Collected data entries
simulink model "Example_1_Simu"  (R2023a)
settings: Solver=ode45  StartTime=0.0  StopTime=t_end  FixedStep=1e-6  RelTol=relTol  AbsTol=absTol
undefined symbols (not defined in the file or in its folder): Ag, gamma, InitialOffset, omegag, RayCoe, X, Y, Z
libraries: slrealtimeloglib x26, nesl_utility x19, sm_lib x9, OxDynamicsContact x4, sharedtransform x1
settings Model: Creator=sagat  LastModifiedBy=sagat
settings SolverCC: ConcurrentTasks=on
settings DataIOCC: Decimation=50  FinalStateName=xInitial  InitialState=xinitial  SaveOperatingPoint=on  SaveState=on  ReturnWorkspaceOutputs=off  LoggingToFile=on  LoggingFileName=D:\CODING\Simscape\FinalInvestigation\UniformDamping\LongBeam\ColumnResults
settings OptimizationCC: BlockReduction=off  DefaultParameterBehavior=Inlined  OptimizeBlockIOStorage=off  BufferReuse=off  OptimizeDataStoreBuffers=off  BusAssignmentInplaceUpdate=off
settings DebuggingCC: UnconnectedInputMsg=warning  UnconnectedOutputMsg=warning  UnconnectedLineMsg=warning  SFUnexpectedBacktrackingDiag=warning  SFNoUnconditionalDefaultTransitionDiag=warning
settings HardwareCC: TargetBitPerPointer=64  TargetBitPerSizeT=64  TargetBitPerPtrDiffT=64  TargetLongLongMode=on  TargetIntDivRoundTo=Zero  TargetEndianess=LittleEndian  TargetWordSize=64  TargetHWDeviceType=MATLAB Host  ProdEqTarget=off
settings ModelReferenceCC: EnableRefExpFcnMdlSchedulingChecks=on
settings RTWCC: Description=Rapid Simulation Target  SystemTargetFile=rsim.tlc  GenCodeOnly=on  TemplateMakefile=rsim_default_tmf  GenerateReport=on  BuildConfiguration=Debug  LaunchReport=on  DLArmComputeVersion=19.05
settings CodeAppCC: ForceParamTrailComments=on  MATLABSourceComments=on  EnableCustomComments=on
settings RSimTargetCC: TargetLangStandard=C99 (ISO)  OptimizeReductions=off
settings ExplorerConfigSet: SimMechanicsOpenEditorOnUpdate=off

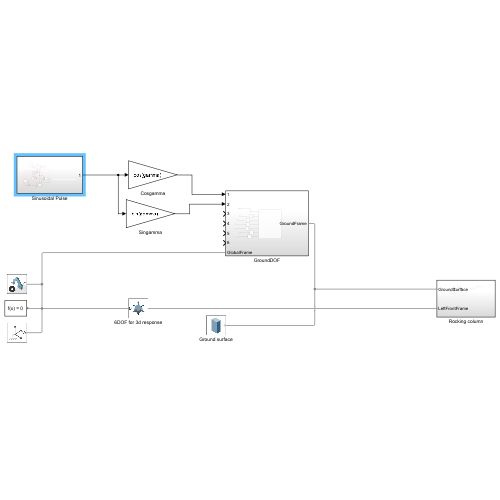
[thumbnail: Simulink's stored preview of the top-level diagram]
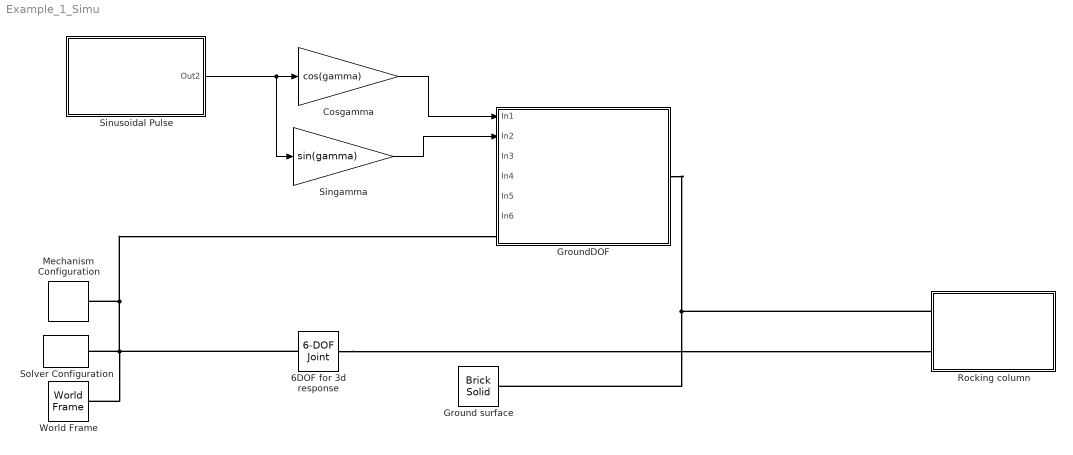
== system Example_1_Simu ==
  6DOF for 3d response : sm_lib/Joints/6-DOF Joint  JointMode=Normal  SenseConstraintForce=off  SenseConstraintForceX=off  SenseConstraintForceY=off  SenseConstraintForceZ=off  SenseConstraintTorque=off  SenseConstraintTorqueX=off  SenseConstraintTorqueY=off  SenseConstraintTorqueZ=off  SenseTotalForce=off  SenseTotalForceX=off  SenseTotalForceY=off  SenseTotalForceZ=off  SenseTotalTorque=off  SenseTotalTorqueX=off  SenseTotalTorqueY=off  SenseTotalTorqueZ=off  CompositeWrenchDir=FollowerOnBase  CompositeWrenchFrame=BaseFrame  PxEquilibriumPosition=0  PxEquilibriumPositionUnits=m  PxSpringStiffness=0  PxSpringStiffnessUnits=N/m  PxDampingCoefficient=0  PxDampingCoefficientUnits=N/(m/s)  PxTorqueActuationMode=NoTorque  PxMotionActuationMode=ComputedMotion  PxSensePosition=off  PxSenseVelocity=off  PxSenseAcceleration=off  PxSenseTorqueForce=off  PxSenseLowerLimitTorqueForce=off  PxSenseUpperLimitTorqueForce=off  PxLowerLimitSpecify=off  PxLowerLimitBound=-1  PxLowerLimitBoundUnits=m  PxLowerLimitStiffness=1e6  PxLowerLimitStiffnessUnits=N/m  PxLowerLimitDamping=1e3  PxLowerLimitDampingUnits=N/(m/s)  PxLowerLimitTransitionRegionWidth=1e-4  PxLowerLimitTransitionRegionWidthUnits=m  PxUpperLimitSpecify=off  PxUpperLimitBound=1  PxUpperLimitBoundUnits=m  PxUpperLimitStiffness=1e6  PxUpperLimitStiffnessUnits=N/m  PxUpperLimitDamping=1e3  PxUpperLimitDampingUnits=N/(m/s)  PxUpperLimitTransitionRegionWidth=1e-4  PxUpperLimitTransitionRegionWidthUnits=m  PxPositionTargetSpecify=on  PxPositionTargetPriority=High  PxPositionTargetValue=0  PxPositionTargetValueUnits=m  PxVelocityTargetSpecify=on  PxVelocityTargetPriority=High  PxVelocityTargetValue=0  PxVelocityTargetValueUnits=m/s  PyEquilibriumPosition=0  PyEquilibriumPositionUnits=m  PySpringStiffness=0  PySpringStiffnessUnits=N/m  PyDampingCoefficient=0  PyDampingCoefficientUnits=N/(m/s)  PyTorqueActuationMode=NoTorque  PyMotionActuationMode=ComputedMotion  PySensePosition=off  PySenseVelocity=off  PySenseAcceleration=off  PySenseTorqueForce=off  PySenseLowerLimitTorqueForce=off  PySenseUpperLimitTorqueForce=off  PyLowerLimitSpecify=off  PyLowerLimitBound=-1  PyLowerLimitBoundUnits=m  PyLowerLimitStiffness=1e6  PyLowerLimitStiffnessUnits=N/m  PyLowerLimitDamping=1e3  PyLowerLimitDampingUnits=N/(m/s)  PyLowerLimitTransitionRegionWidth=1e-4  PyLowerLimitTransitionRegionWidthUnits=m  PyUpperLimitSpecify=off  PyUpperLimitBound=1  PyUpperLimitBoundUnits=m  PyUpperLimitStiffness=1e6  PyUpperLimitStiffnessUnits=N/m  PyUpperLimitDamping=1e3  PyUpperLimitDampingUnits=N/(m/s)  PyUpperLimitTransitionRegionWidth=1e-4  PyUpperLimitTransitionRegionWidthUnits=m  PyPositionTargetSpecify=on  PyPositionTargetPriority=High  PyPositionTargetValue=0  PyPositionTargetValueUnits=m  PyVelocityTargetSpecify=on  PyVelocityTargetPriority=High  PyVelocityTargetValue=0  PyVelocityTargetValueUnits=m/s  PzEquilibriumPosition=0  PzEquilibriumPositionUnits=m  PzSpringStiffness=0  PzSpringStiffnessUnits=N/m  PzDampingCoefficient=0  PzDampingCoefficientUnits=N/(m/s)  PzTorqueActuationMode=NoTorque  PzMotionActuationMode=ComputedMotion  PzSensePosition=off  PzSenseVelocity=off  PzSenseAcceleration=off  PzSenseTorqueForce=off  PzSenseLowerLimitTorqueForce=off  PzSenseUpperLimitTorqueForce=off  PzLowerLimitSpecify=off  PzLowerLimitBound=-1  PzLowerLimitBoundUnits=m  PzLowerLimitStiffness=1e6  PzLowerLimitStiffnessUnits=N/m  PzLowerLimitDamping=1e3  PzLowerLimitDampingUnits=N/(m/s)  PzLowerLimitTransitionRegionWidth=1e-4  PzLowerLimitTransitionRegionWidthUnits=m  PzUpperLimitSpecify=off  PzUpperLimitBound=1  PzUpperLimitBoundUnits=m  PzUpperLimitStiffness=1e6  PzUpperLimitStiffnessUnits=N/m  PzUpperLimitDamping=1e3  PzUpperLimitDampingUnits=N/(m/s)  PzUpperLimitTransitionRegionWidth=1e-4  PzUpperLimitTransitionRegionWidthUnits=m  PzPositionTargetSpecify=on  PzPositionTargetPriority=High  PzPositionTargetValue=zc  PzPositionTargetValueUnits=m  PzVelocityTargetSpecify=on  PzVelocityTargetPriority=High  PzVelocityTargetValue=0  PzVelocityTargetValueUnits=m/s  SphEqPosRotationMethod=None  SphEqPosRotationAngleUnits=rad  SphEqPosRotationStandardAxis=-Y  SphEqPosRotationAngle=alphacg  SphEqPosRotationArbitraryAxis=[0 0 1]  SphEqPosFollAlignAxisA=+X  SphEqPosBaseAlignAxisA=+Y  SphEqPosFollAlignAxisB=+Y  SphEqPosBaseAlignAxisB=+Z  SphEqPosRotationSequenceAxes=FollowerAxes  SphEqPosRotationSequence=XYX  SphEqPosRotationSequenceAngles=[0 0 0]  SphEqPosRotationSequenceAnglesUnits=deg  SphEqPosRotationMatrix=[1 0 0; 0 1 0; 0 0 1]  SphEqPosQuaternion=[1 0 0 0]  SphSpringStiffness=0  SphSpringStiffnessUnits=N*m/rad  SphDampingCoefficient=0  SphDampingCoefficientUnits=N*m/(rad/s)  SphActuateTorqueX=off  SphActuateTorqueY=off  SphActuateTorqueZ=off  SphActuateTorque=off  SphTorqueActuationMode=NoTorque  SphMotionActuationMode=ComputedMotion  SphActuationFrame=BaseFrame  SphSensePosition=off  SphSenseVelocityX=off  SphSenseVelocityY=off  SphSenseVelocityZ=off  SphSenseVelocity=off  SphSenseAccelerationX=off  SphSenseAccelerationY=off  SphSenseAccelerationZ=off  SphSenseAcceleration=off  SphSenseTorqueX=off  SphSenseTorqueY=off  SphSenseTorqueZ=off  SphSenseTorqueForce=off  SphSenseLowerLimitTorqueMag=off  SphSenseUpperLimitTorqueMag=off  SphSensingFrame=BaseFrame  SphLowerLimitSpecify=off  SphLowerLimitBound=15  SphLowerLimitBoundUnits=deg  SphLowerLimitStiffness=1e4  SphLowerLimitStiffnessUnits=N*m/deg  SphLowerLimitDamping=10  SphLowerLimitDampingUnits=N*m/(deg/s)  SphLowerLimitTransitionRegionWidth=0.1  SphLowerLimitTransitionRegionWidthUnits=deg  SphUpperLimitSpecify=off  SphUpperLimitBound=45  SphUpperLimitBoundUnits=deg  SphUpperLimitStiffness=1e4  SphUpperLimitStiffnessUnits=N*m/deg  SphUpperLimitDamping=10  SphUpperLimitDampingUnits=N*m/(deg/s)  SphUpperLimitTransitionRegionWidth=0.1  SphUpperLimitTransitionRegionWidthUnits=deg  SphPositionTargetRotationMethod=StandardAxis  SphPositionTargetRotationAngleUnits=rad  SphPositionTargetRotationStandardAxis=-Y  SphPositionTargetRotationAngle=initialRotation  SphPositionTargetRotationArbitraryAxis=[0 0 1]  SphPositionTargetFollAlignAxisA=+X  SphPositionTargetBaseAlignAxisA=+Y  SphPositionTargetFollAlignAxisB=+Y  SphPositionTargetBaseAlignAxisB=+Z  SphPositionTargetRotationSequenceAxes=FollowerAxes  SphPositionTargetRotationSequence=XYX  SphPositionTargetRotationSequenceAngles=[0 0 0]  SphPositionTargetRotationSequenceAnglesUnits=deg  SphPositionTargetRotationMatrix=[1 0 0; 0 1 0; 0 0 1]  SphPositionTargetQuaternion=[1 0 0 0]  SphPositionTargetSpecify=on  SphPositionTargetPriority=High  SphVelocityTargetValue=[0 0 0]  SphVelocityTargetValueUnits=deg/s  SphVelocityTargetSpecify=on  SphVelocityTargetPriority=High  SphVelocityTargetInFollowerFrame=on
  Cosgamma : Gain  Gain=cos(gamma)
  Ground surface : sm_lib/Body Elements/Brick Solid  GraphicAmbientColor=[0.15 0.15 0.15 1.0]  BasedOnType=Density  BrickDimensions=[5 5 0.01]  BrickDimensionsUnits=m  CenterOfMass=[0 0 0]  CenterOfMassUnits=m  GraphicDiffuseColor=[0.5 0.5 0.5]  Density=1  DensityUnits=kg/m^3  DoExposeReferenceFrame=on  GraphicEmissiveColor=[0.0 0.0 0.0 1.0]  ExportEntireGeometry=off  SerializedFrames=<Frames/>  MarkerShape=Sphere  MarkerSize=10  GraphicType=FromGeometry  InertiaType=CalculateFromGeometry  Mass=1  MassUnits=kg  MomentsOfInertia=[1 1 1]  MomentsOfInertiaUnits=kg*m^2  GraphicOpacity=1.0  ProductsOfInertia=[0 0 0]  ProductsOfInertiaUnits=kg*m^2  GraphicShininess=75  GraphicSpecularColor=[0.5 0.5 0.5 1.0]  GraphicVisPropType=SimpleVisualProperties
  GroundDOF : Subsystem
  Mechanism Configuration : sm_lib/Utilities/Mechanism Configuration  UniformGravity=Constant  GravityVector=[0 0 -9.80665]  GravityVectorUnits=m/s^2  LinearizationDelta=0.001  JointModeTransitionNonlinearIterations=2
  Rocking column : Subsystem
  Singamma : Gain  Gain=sin(gamma)
  Sinusoidal Pulse : Subsystem
  Solver Configuration : nesl_utility/Solver Configuration  PhysicalDomain=network_engine_domain  SubClassName=solver  LeftPortType=input  RightPortType=generic  Tones=[]  Harmonics=[]  SimulateNoise=off  Profile=off  UseLocalSampling=off  EnableSwitchedLinearOptims=on  FrequencyDomain=off  UseCCode=off  RelTol=0.001  AbsTol=1e-06  MinStep=1e-09  ToWorkspace=off  RevertToSquareIcSolve=off  NumHomotopyIterations=100  PhasorMode=off  PhasorModeNumHarmonics=1  ConsistencySolver=NEWTON_FTOL  IndexReductionMethod=DerivativeReplacement  DoDC=off  ResidualTolerance=1e-09  ConsistencyTolSource=GLOBAL  ConsistencyAbsTol=0.001  ConsistencyRelTol=0.001  ConsistencyTolFactor=0.001  UseLocalSolver=off  LocalSolverChoice=NE_BACKWARD_EULER_ADVANCER  ResolveIndetEquations=on  FunctionEvalNumThread=1  LocalSolverSampleTime=0.001  DoFixedCost=off  MaxNonlinIter=3  MaxModeIter=2  ComputeImpulses=off  ImpulseIterations=2  LinearAlgebra=auto  LinearAlgebraNumThread=0  EquationFormulation=NE_TIME_EF  DelaysMemoryBudget=1024  AutomaticFiltering=on  FilteringTimeConstant=0.001  PartitionStorageMethod=AS_NEEDED  PartitionMemoryBudget=1024  PartitionMethod=ROBUST
  World Frame : sm_lib/Frames and Transforms/World Frame
  wires:
  Cosgamma/1 -> GroundDOF/1(In1)
  Sinusoidal Pulse/1(Out2) -> Singamma/1, Cosgamma/1
  Singamma/1 -> GroundDOF/2(In2)
  connections:
  World Frame/RConn1 -- GroundDOF/LConn1 -- Mechanism Configuration/RConn1 -- 6DOF for 3d response/LConn1 -- Solver Configuration/RConn1
  6DOF for 3d response/RConn1 -- Rocking column/LConn2
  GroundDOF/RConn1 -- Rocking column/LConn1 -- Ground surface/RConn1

**Task prompt**
The required output is the set of lines from the first line of the data through the line that contains "settings DebuggingCC: UnconnectedInputMsg=warning", transcribed exactly.

**Solution**
simulink model "Example_1_Simu"  (R2023a)
settings: Solver=ode45  StartTime=0.0  StopTime=t_end  FixedStep=1e-6  RelTol=relTol  AbsTol=absTol
undefined symbols (not defined in the file or in its folder): Ag, gamma, InitialOffset, omegag, RayCoe, X, Y, Z
libraries: slrealtimeloglib x26, nesl_utility x19, sm_lib x9, OxDynamicsContact x4, sharedtransform x1
settings Model: Creator=sagat  LastModifiedBy=sagat
settings SolverCC: ConcurrentTasks=on
settings DataIOCC: Decimation=50  FinalStateName=xInitial  InitialState=xinitial  SaveOperatingPoint=on  SaveState=on  ReturnWorkspaceOutputs=off  LoggingToFile=on  LoggingFileName=D:\CODING\Simscape\FinalInvestigation\UniformDamping\LongBeam\ColumnResults
settings OptimizationCC: BlockReduction=off  DefaultParameterBehavior=Inlined  OptimizeBlockIOStorage=off  BufferReuse=off  OptimizeDataStoreBuffers=off  BusAssignmentInplaceUpdate=off
settings DebuggingCC: UnconnectedInputMsg=warning  UnconnectedOutputMsg=warning  UnconnectedLineMsg=warning  SFUnexpectedBacktrackingDiag=warning  SFNoUnconditionalDefaultTransitionDiag=warning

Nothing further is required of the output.